» **What is expected**
Copy all records exactly, excluding images.

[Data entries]
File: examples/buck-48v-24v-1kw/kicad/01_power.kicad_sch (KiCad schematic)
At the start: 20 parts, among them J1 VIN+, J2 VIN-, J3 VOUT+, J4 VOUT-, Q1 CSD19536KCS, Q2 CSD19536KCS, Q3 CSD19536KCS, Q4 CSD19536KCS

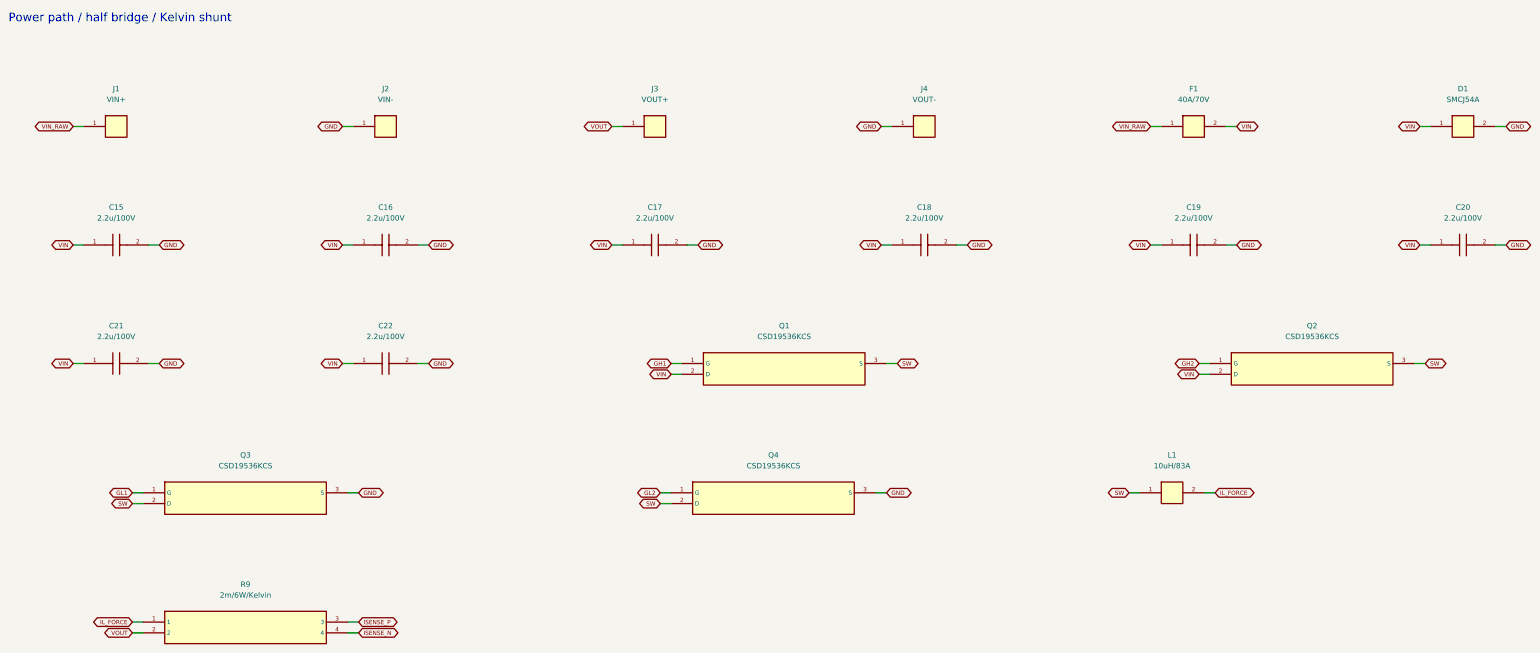
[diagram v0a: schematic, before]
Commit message: feat: complete six-layer power PCB routing and pass native DRC
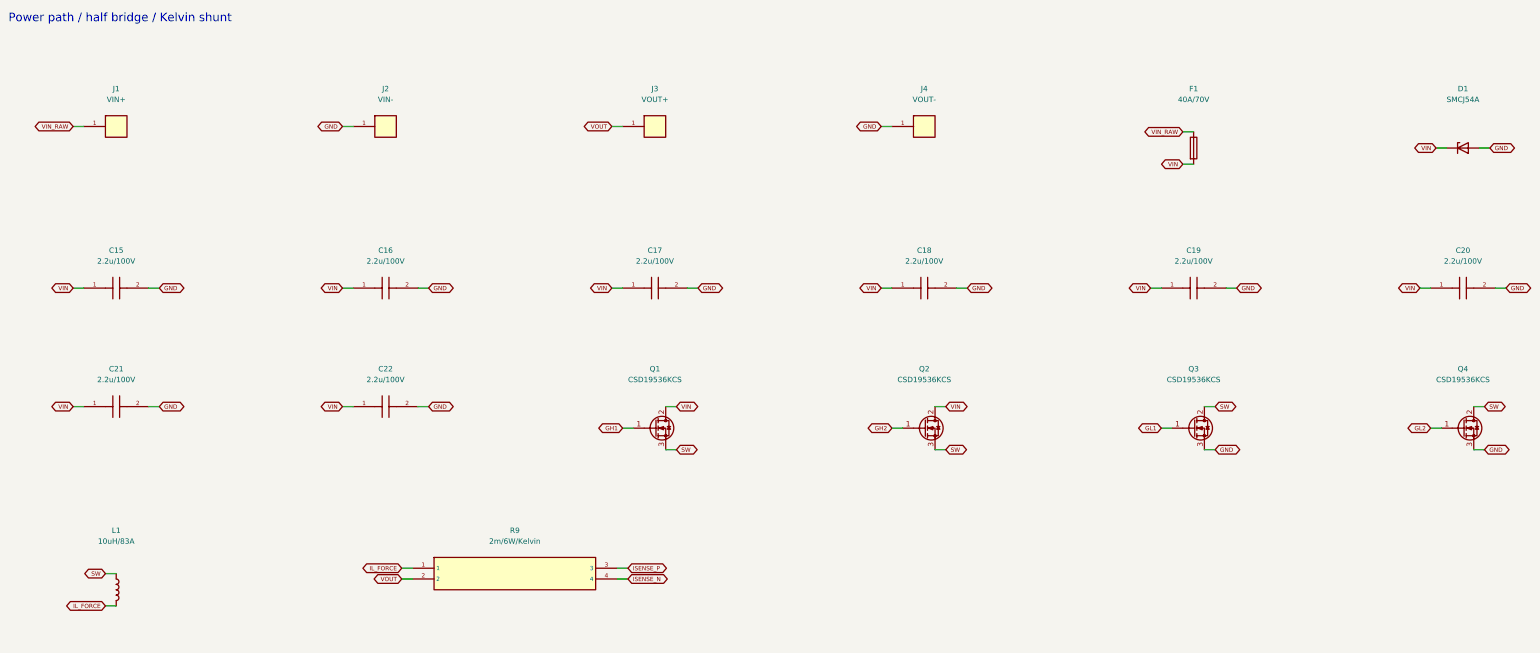
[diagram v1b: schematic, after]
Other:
- moved on the sheet: C15, C16, C17, C18, C19, C20, C21, C22, L1, R9

» **Exercise output**
File: examples/buck-48v-24v-1kw/kicad/01_power.kicad_sch (KiCad schematic)
At the start: 20 parts, among them J1 VIN+, J2 VIN-, J3 VOUT+, J4 VOUT-, Q1 CSD19536KCS, Q2 CSD19536KCS, Q3 CSD19536KCS, Q4 CSD19536KCS

[diagram v0a: schematic, before]
Commit message: feat: complete six-layer power PCB routing and pass native DRC
[diagram v1b: schematic, after]
Other:
- moved on the sheet: C15, C16, C17, C18, C19, C20, C21, C22, L1, R9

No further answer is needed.